By  Ian Fogg Published  January 30, 2014

Previously, China-headquartered Lenovo purchased IBM's PC client business in 2005, and IBM's server business in January 2014. Now Lenovo has agreed terms to buy Motorola Mobility from Google for $2.91bn, including the Motorola brand, current devices such as the Moto X and G, and a future-product roadmap. Ian Fogg, director, Mobile and Telecoms, IHS Technology, gives the analyst company's take on what the deal will mean.

The deal with Lenovo confirms that Google's main interest in buying Motorola was its patent and IP portfolio because the company will retain the "vast majority" of patents as part of the deal. Lenovo will have a licence to all IP, plus will gain over 2,000 patent assets.

Google creates a much simplified business environment by divesting itself of Motorola Mobility. It removes the channel conflict with other Android smartphone makers because Google will no longer have its own competing smartphone hardware division. Like Apple, Nokia, and Palm before it, Google has failed to balance the competing business demands of distributing operating systems while also making hardware.
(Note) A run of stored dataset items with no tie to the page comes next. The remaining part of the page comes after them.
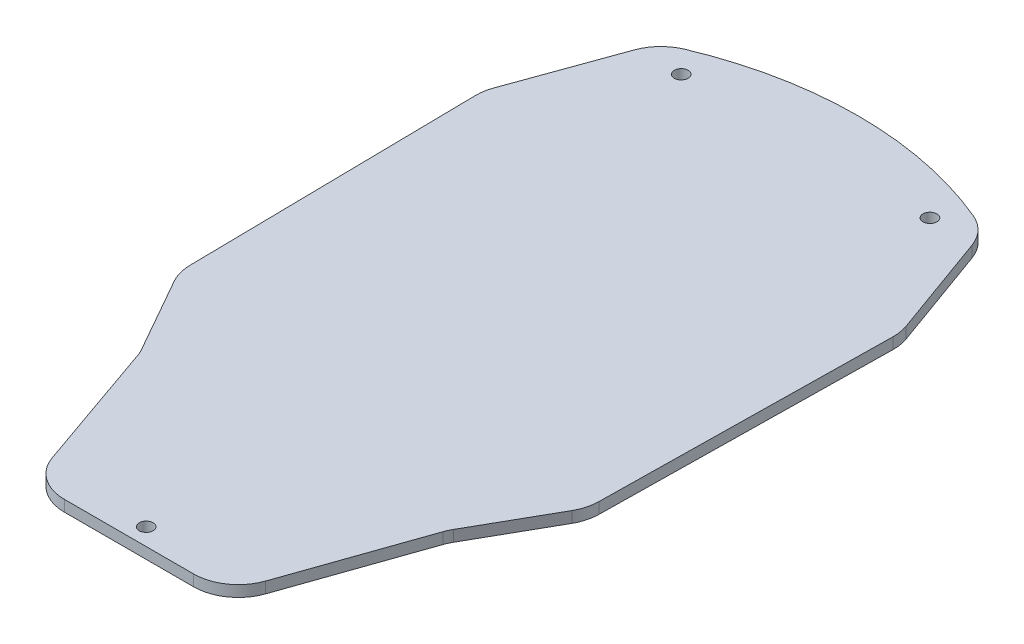
ISO-10303-21;
HEADER;
FILE_DESCRIPTION(('STEP AP214'),'2;1');
FILE_NAME('part.step','',(''),(''),'','','');
FILE_SCHEMA(('AUTOMOTIVE_DESIGN { 1 0 10303 214 1 1 1 1 }'));
ENDSEC;
DATA;
#1=APPLICATION_CONTEXT('core data for automotive mechanical design processes');
#2=APPLICATION_PROTOCOL_DEFINITION('international standard','automotive_design',2000,#1);
#3=PRODUCT_CONTEXT('',#1,'mechanical');
#4=PRODUCT('Part','Part','',(#3));
#5=PRODUCT_RELATED_PRODUCT_CATEGORY('part','',(#4));
#6=PRODUCT_DEFINITION_FORMATION('','',#4);
#7=PRODUCT_DEFINITION_CONTEXT('part definition',#1,'design');
#8=PRODUCT_DEFINITION('design','',#6,#7);
#9=PRODUCT_DEFINITION_SHAPE('','',#8);
#10=(LENGTH_UNIT() NAMED_UNIT(*) SI_UNIT(.MILLI.,.METRE.));
#11=(NAMED_UNIT(*) PLANE_ANGLE_UNIT() SI_UNIT($,.RADIAN.));
#12=(NAMED_UNIT(*) SI_UNIT($,.STERADIAN.) SOLID_ANGLE_UNIT());
#13=UNCERTAINTY_MEASURE_WITH_UNIT(LENGTH_MEASURE(1.E-05),#10,'distance_accuracy_value','');
#14=(GEOMETRIC_REPRESENTATION_CONTEXT(3) GLOBAL_UNCERTAINTY_ASSIGNED_CONTEXT((#13)) GLOBAL_UNIT_ASSIGNED_CONTEXT((#10,
#11,#12)) REPRESENTATION_CONTEXT('',''));
#15=CARTESIAN_POINT('',(0.,0.,0.));
#16=DIRECTION('',(0.,0.,1.));
#17=DIRECTION('',(1.,0.,0.));
#18=AXIS2_PLACEMENT_3D('',#15,#16,#17);
#19=CARTESIAN_POINT('',(-59.5778963500326,3.175,-162.152192035586));
#20=DIRECTION('',(-0.940552015487436,0.,-0.339649681528662));
#21=DIRECTION('',(-0.339649681528662,0.,0.940552015487436));
#22=AXIS2_PLACEMENT_3D('',#19,#20,#21);
#23=PLANE('',#22);
#24=DIRECTION('',(0.339649681528662,0.,-0.940552015487436));
#25=VECTOR('',#24,1.);
#26=CARTESIAN_POINT('',(-59.5778963500326,3.175,-162.152192035586));
#27=LINE('',#26,#25);
#28=CARTESIAN_POINT('',(-58.7896777469841,3.175,-164.334913339505));
#29=VERTEX_POINT('',#28);
#30=CARTESIAN_POINT('',(-48.1726179921892,3.175,-193.735491329095));
#31=VERTEX_POINT('',#30);
#32=EDGE_CURVE('E355',#29,#31,#27,.T.);
#33=ORIENTED_EDGE('',*,*,#32,.T.);
#34=DIRECTION('',(0.,-1.,0.));
#35=VECTOR('',#34,1.);
#36=CARTESIAN_POINT('',(-48.1726179921892,3.175,-193.735491329095));
#37=LINE('',#36,#35);
#38=CARTESIAN_POINT('',(-48.1726179921892,0.,-193.735491329095));
#39=VERTEX_POINT('',#38);
#40=EDGE_CURVE('E190',#31,#39,#37,.T.);
#41=ORIENTED_EDGE('',*,*,#40,.T.);
#42=DIRECTION('',(0.339649681528662,0.,-0.940552015487436));
#43=VECTOR('',#42,1.);
#44=CARTESIAN_POINT('',(-59.5778963500326,0.,-162.152192035586));
#45=LINE('',#44,#43);
#46=CARTESIAN_POINT('',(-58.7896777469841,0.,-164.334913339505));
#47=VERTEX_POINT('',#46);
#48=EDGE_CURVE('E174',#47,#39,#45,.T.);
#49=ORIENTED_EDGE('',*,*,#48,.F.);
#50=DIRECTION('',(0.,-1.,0.));
#51=VECTOR('',#50,1.);
#52=CARTESIAN_POINT('',(-58.7896777469841,3.175,-164.334913339505));
#53=LINE('',#52,#51);
#54=EDGE_CURVE('E187',#47,#29,#53,.F.);
#55=ORIENTED_EDGE('',*,*,#54,.T.);
#56=EDGE_LOOP('',(#33,#41,#49,#55));
#57=FACE_BOUND('',#56,.T.);
#58=ADVANCED_FACE('F33',(#57),#23,.T.);
#59=CARTESIAN_POINT('',(-58.2611403441786,3.175,-73.958269637992));
#60=DIRECTION('',(-0.999888562668412,0.,0.0149285714285713));
#61=DIRECTION('',(0.0149285714285713,0.,0.999888562668412));
#62=AXIS2_PLACEMENT_3D('',#59,#60,#61);
#63=PLANE('',#62);
#64=DIRECTION('',(-0.0149285714285713,0.,-0.999888562668412));
#65=VECTOR('',#64,1.);
#66=CARTESIAN_POINT('',(-58.2611403441786,0.,-73.958269637992));
#67=LINE('',#66,#65);
#68=CARTESIAN_POINT('',(-58.3096478434964,0.,-77.2072137183785));
#69=VERTEX_POINT('',#68);
#70=CARTESIAN_POINT('',(-59.5432518961825,0.,-159.831769526948));
#71=VERTEX_POINT('',#70);
#72=EDGE_CURVE('E176',#69,#71,#67,.T.);
#73=ORIENTED_EDGE('',*,*,#72,.F.);
#74=DIRECTION('',(0.,-1.,0.));
#75=VECTOR('',#74,1.);
#76=CARTESIAN_POINT('',(-58.3096478434964,3.175,-77.2072137183785));
#77=LINE('',#76,#75);
#78=CARTESIAN_POINT('',(-58.3096478434964,3.175,-77.2072137183785));
#79=VERTEX_POINT('',#78);
#80=EDGE_CURVE('E273',#69,#79,#77,.F.);
#81=ORIENTED_EDGE('',*,*,#80,.T.);
#82=DIRECTION('',(-0.0149285714285713,0.,-0.999888562668412));
#83=VECTOR('',#82,1.);
#84=CARTESIAN_POINT('',(-58.2611403441786,3.175,-73.958269637992));
#85=LINE('',#84,#83);
#86=CARTESIAN_POINT('',(-59.5432518961825,3.175,-159.831769526948));
#87=VERTEX_POINT('',#86);
#88=EDGE_CURVE('E197',#79,#87,#85,.T.);
#89=ORIENTED_EDGE('',*,*,#88,.T.);
#90=DIRECTION('',(0.,-1.,0.));
#91=VECTOR('',#90,1.);
#92=CARTESIAN_POINT('',(-59.5432518961825,3.175,-159.831769526948));
#93=LINE('',#92,#91);
#94=EDGE_CURVE('E271',#87,#71,#93,.T.);
#95=ORIENTED_EDGE('',*,*,#94,.T.);
#96=EDGE_LOOP('',(#73,#81,#89,#95));
#97=FACE_BOUND('',#96,.T.);
#98=ADVANCED_FACE('F401',(#97),#63,.T.);
#99=CARTESIAN_POINT('',(-43.8875961045043,3.175,-48.6130264916214));
#100=DIRECTION('',(-0.869856675044697,0.,0.493304535637149));
#101=DIRECTION('',(0.493304535637149,0.,0.869856675044698));
#102=AXIS2_PLACEMENT_3D('',#99,#100,#101);
#103=PLANE('',#102);
#104=DIRECTION('',(-0.493304535637149,0.,-0.869856675044698));
#105=VECTOR('',#104,1.);
#106=CARTESIAN_POINT('',(-43.8875961045043,0.,-48.6130264916214));
#107=LINE('',#106,#105);
#108=CARTESIAN_POINT('',(-44.4516474954024,0.,-49.6076329304357));
#109=VERTEX_POINT('',#108);
#110=CARTESIAN_POINT('',(-56.6582428706752,0.,-71.1318389729296));
#111=VERTEX_POINT('',#110);
#112=EDGE_CURVE('E281',#109,#111,#107,.T.);
#113=ORIENTED_EDGE('',*,*,#112,.F.);
#114=DIRECTION('',(0.,-1.,0.));
#115=VECTOR('',#114,1.);
#116=CARTESIAN_POINT('',(-44.4516474954024,3.175,-49.6076329304357));
#117=LINE('',#116,#115);
#118=CARTESIAN_POINT('',(-44.4516474954024,3.175,-49.6076329304357));
#119=VERTEX_POINT('',#118);
#120=EDGE_CURVE('E269',#109,#119,#117,.F.);
#121=ORIENTED_EDGE('',*,*,#120,.T.);
#122=DIRECTION('',(-0.493304535637149,0.,-0.869856675044698));
#123=VECTOR('',#122,1.);
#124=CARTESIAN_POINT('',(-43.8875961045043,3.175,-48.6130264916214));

Where those companies chose to downplay their OS licensing business in favour of their own hardware play, Google did the opposite and sacrificed Motorola.

Lenovo benefits in four key areas through the acquisition:

1. Entry to the US mobile market

Motorola remains a strong player in the US with relationships with the main carriers. By contrast, Lenovo has mainly operated in uncontrolled mobile markets where its products have been distributed in retail. Lenovo gains greater understanding of how to work with the mobile operator channel.